WORK TASK: From the entries below, please gather each line containing the string "sides".

=== DATA FOR PROCESSING ===

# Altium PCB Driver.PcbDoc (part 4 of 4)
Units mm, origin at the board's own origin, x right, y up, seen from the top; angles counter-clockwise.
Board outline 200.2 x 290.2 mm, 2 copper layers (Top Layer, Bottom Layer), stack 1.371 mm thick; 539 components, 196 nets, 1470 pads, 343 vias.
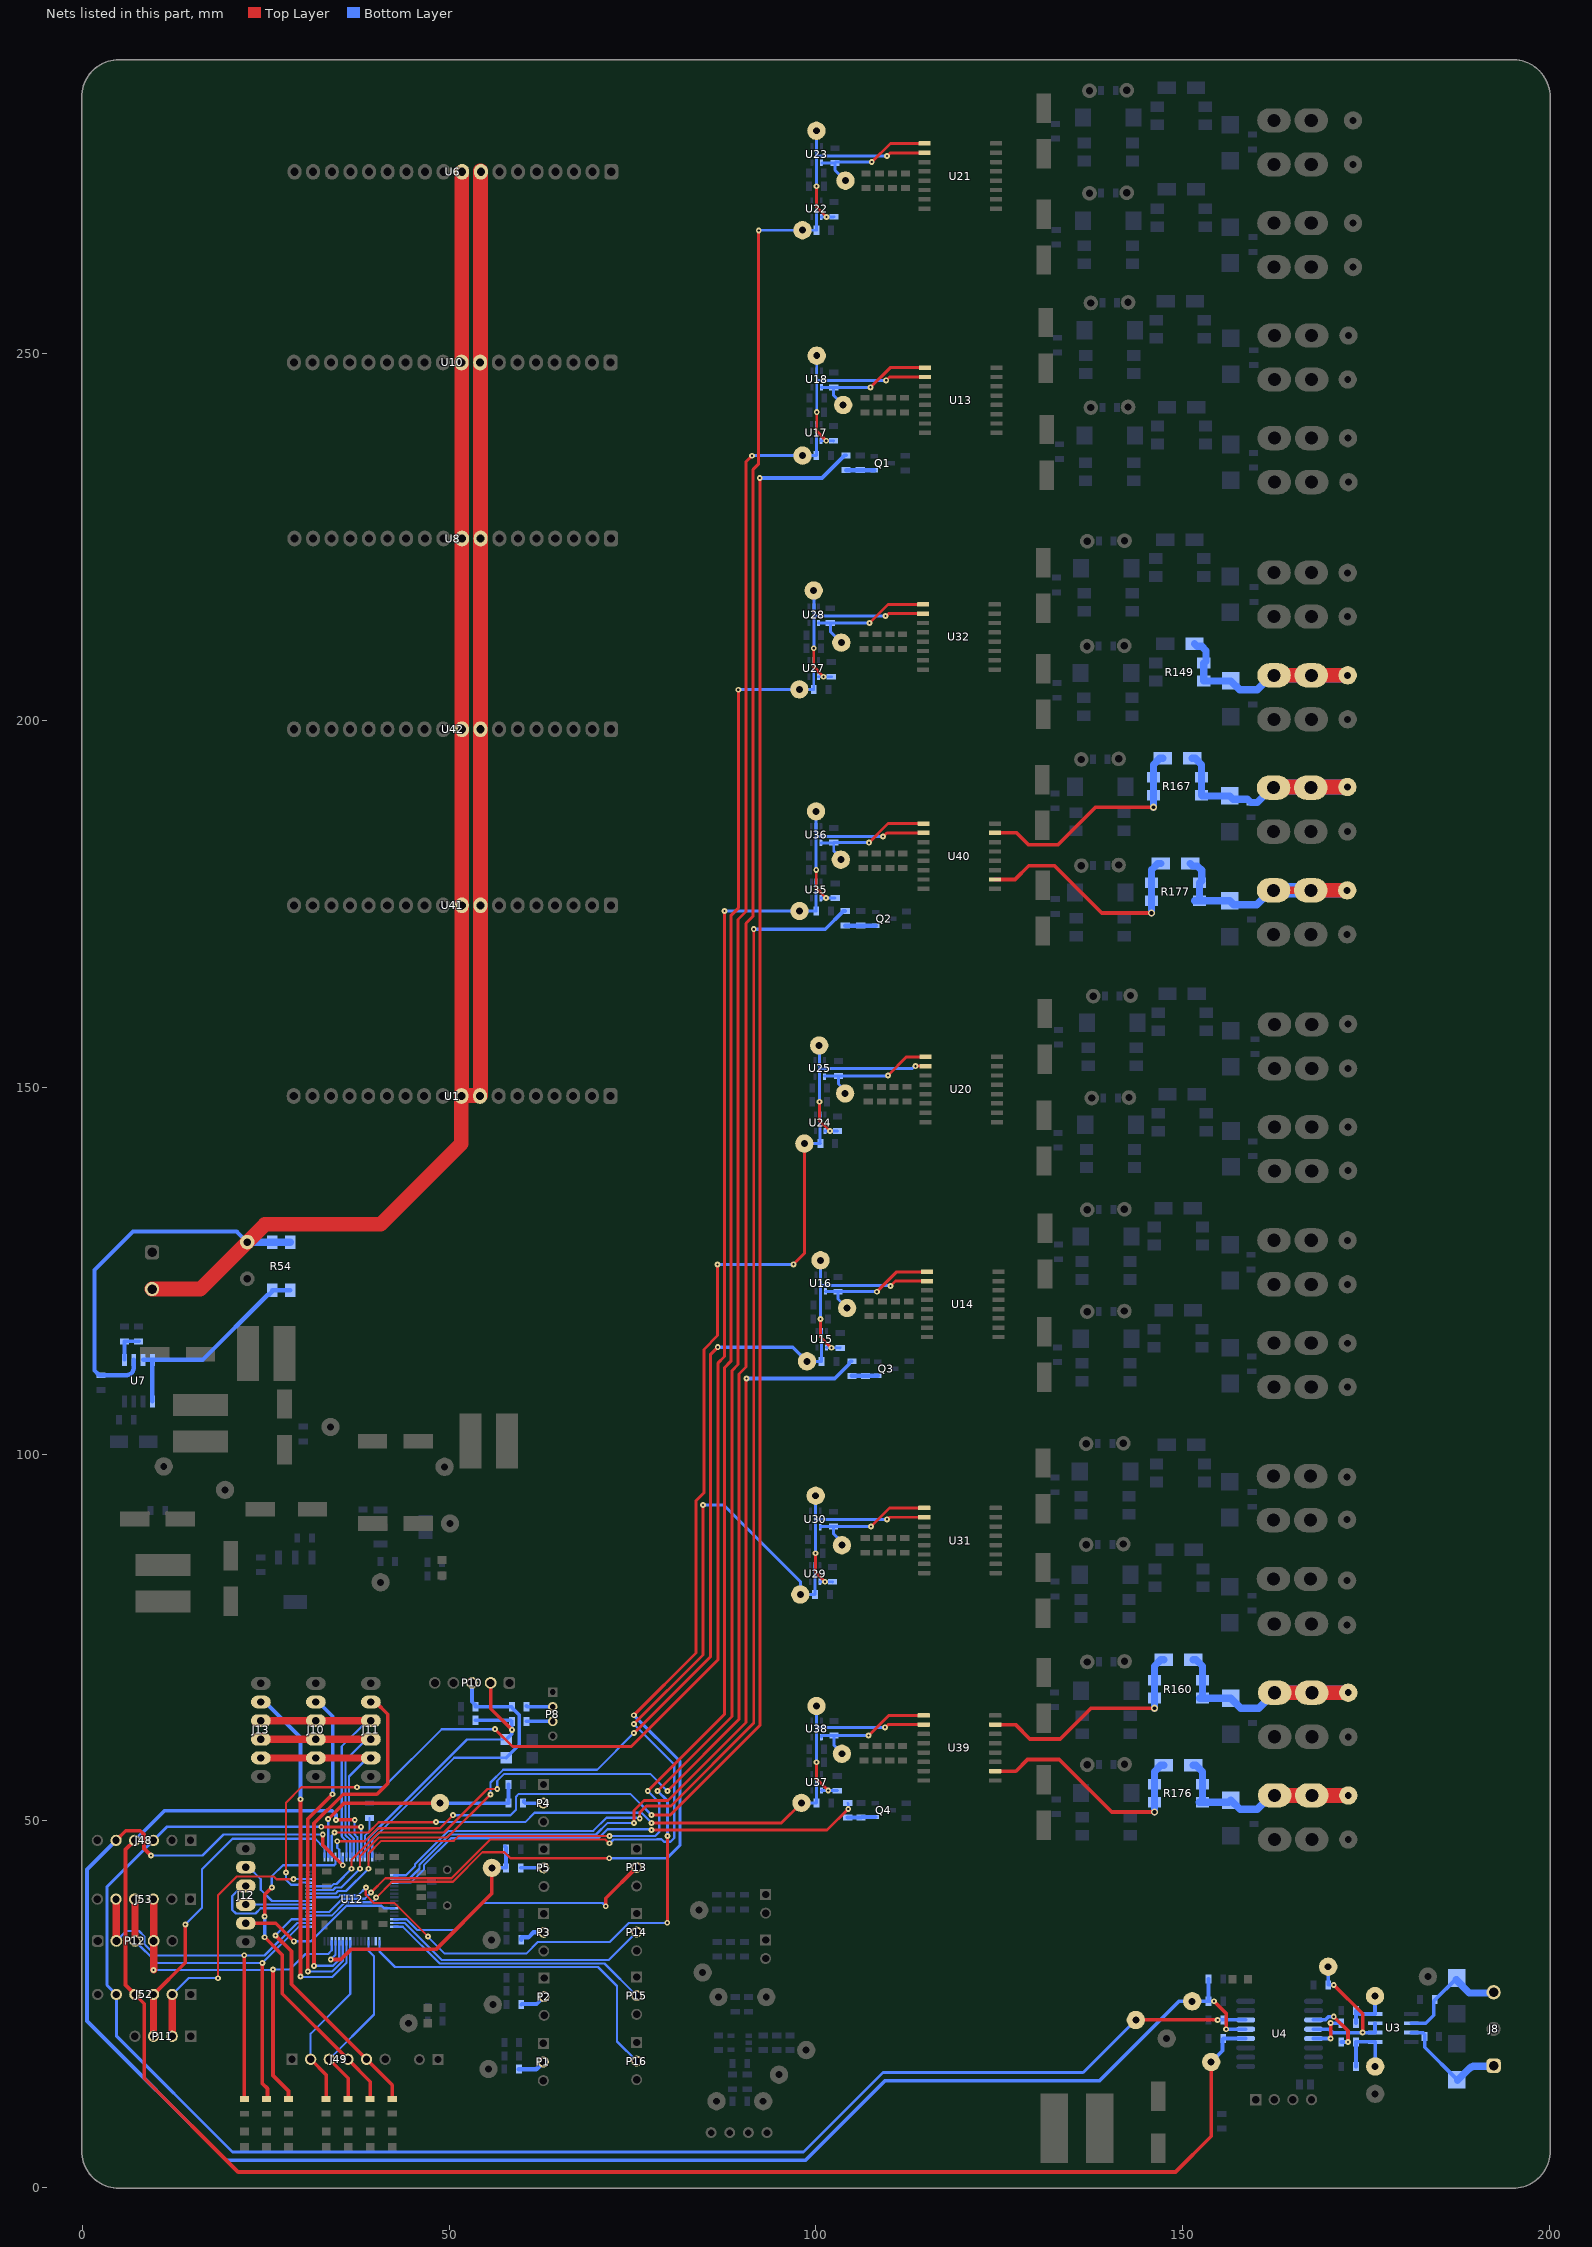
[diagram p4: the nets of this part, all layers, seen from the top]

## Via types
v1: diameter 0.8, hole 0.3, Top Layer to Bottom Layer, tented both sides, 172 vias
v2: diameter 1, hole 0.5, Top Layer to Bottom Layer, tented both sides, 129 vias
v3: diameter 0.8, hole 0.4, Top Layer to Bottom Layer, tented both sides, 25 vias
v4: diameter 2, hole 1, Top Layer to Bottom Layer, tented both sides, 11 vias
v5: diameter 0.8, hole 0.4, Top Layer to Bottom Layer, 3 vias
v6: diameter 1, hole 0.5, Top Layer to Bottom Layer, 1 vias
v7: diameter 0.7, hole 0.3, Top Layer to Bottom Layer, tented both sides, 1 vias
v8: diameter 1.5, hole 1, Top Layer to Bottom Layer, tented both sides, 1 vias

## Nets (pads, with @x,y where several pads share a name; then routed paths per layer and width w, separated by ;. In a path a pad name is that pad's centre, name@x,y a point inside that pad or via, vN(x,y) a via of type N, cw(c..) or ccw(c..) an arc to the next point about the centre after c; other vN are vias at no path point) (continued)
NetD24_2: D24.2 J38.1 R149.2 R152.2 TP86.1 VD25.2 | length 37.2
  Top Layer w2: J38.1@162.46,206.174 J38.1@167.54,206.174 TP86.1@172.5,206.174
  Bottom Layer w1: D24.2@151.61,210.464 151.96,210.114 152.584,210.114 153.17,209.528 153.17,208.064 152.945,207.839 R149.2@152.885,207.839 R149.2@152.885,205.389 156.535,205.389 VD25.2@156.55,205.404 157.77,204.184 R152.2@159.55,204.184 160.187,204.184 162.177,206.174 J38.1@162.46,206.174
  Bottom Layer w2: J38.1@162.46,206.174 J38.1@167.54,206.174 TP86.1@172.5,206.174
NetD25_1: D25.1 R160.1 U39.15 | length 31.7
  Top Layer w0.5: U39.15@124.369,63.12 U39.15@124.449,63.12 127.213,63.12 129.164,61.169 133.312,61.169 137.502,65.359 v2(146.149,65.359)
  Bottom Layer w1: v2(146.149,65.359) R160.1@146.149,66.74 R160.1@146.149,69.19 146.149,71.1 147.024,71.975 D25.1@147.424,71.975
NetD25_2: D25.2 J42.1 R160.2 R168.2 TP98.1 VD28.2 | length 37.8
  Top Layer w2: J42.1@162.534,67.465 J42.1@167.614,67.465 TP98.1@172.574,67.465
  Bottom Layer w1: D25.2@151.424,71.975 151.824,71.975 152.699,71.1 R160.2@152.699,66.74 R160.2@152.744,66.695 ; R160.2@152.314,66.695 VD28.2@156.574,66.695 157.914,65.355 R168.2@159.524,65.355 160.381,65.355 162.491,67.465 J42.1@162.534,67.465
  Bottom Layer w2: J42.1@162.534,67.465 J42.1@167.614,67.465 TP98.1@172.574,67.465
NetD26_1: D26.1 R167.1 U40.15 | length 31.8
  Top Layer w0.5: U40.15@124.428,184.689 127.358,184.689 128.973,183.074 133.019,183.074 138.119,188.174 v2(146.018,188.174)
  Bottom Layer w1: v2(146.018,188.174) R167.1@146.018,189.799 146.018,190.964 R167.1@146.018,192.249 146.018,193.979 146.893,194.854 D26.1@147.293,194.854
NetD26_2: D26.2 J43.1 R167.2 R170.2 TP99.1 VD29.2 | length 37.1
  Top Layer w1: J43.1@162.393,190.854 J43.1@162.473,190.934
  Top Layer w2: J43.1@162.473,190.934 TP99.1@172.453,190.934
  Bottom Layer w1: D26.2@151.293,194.854 151.693,194.854 152.568,193.979 R167.2@152.568,189.799 152.643,189.724 VD29.2@156.433,189.724 156.865,189.292 158.84,189.292 159.308,188.824 R170.2@159.333,188.824 160.16,188.824 162.19,190.854 J43.1@162.393,190.854
  Bottom Layer w2: J43.1@162.393,190.854 162.473,190.934 TP99.1@172.453,190.934
NetD27_1: D27.1 R176.1 U39.10 | length 32.5
  Top Layer w0.5: U39.10@124.369,56.77 U39.10@124.449,56.77 127.264,56.77 128.851,58.357 133.174,58.357 140.336,51.195 v2(146.149,51.195)
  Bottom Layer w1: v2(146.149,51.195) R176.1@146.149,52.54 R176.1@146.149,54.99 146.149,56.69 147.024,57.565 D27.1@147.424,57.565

===

RESPONSE TO THE EXERCISE:
v1: diameter 0.8, hole 0.3, Top Layer to Bottom Layer, tented both sides, 172 vias
v2: diameter 1, hole 0.5, Top Layer to Bottom Layer, tented both sides, 129 vias
v3: diameter 0.8, hole 0.4, Top Layer to Bottom Layer, tented both sides, 25 vias
v4: diameter 2, hole 1, Top Layer to Bottom Layer, tented both sides, 11 vias
v7: diameter 0.7, hole 0.3, Top Layer to Bottom Layer, tented both sides, 1 vias
v8: diameter 1.5, hole 1, Top Layer to Bottom Layer, tented both sides, 1 vias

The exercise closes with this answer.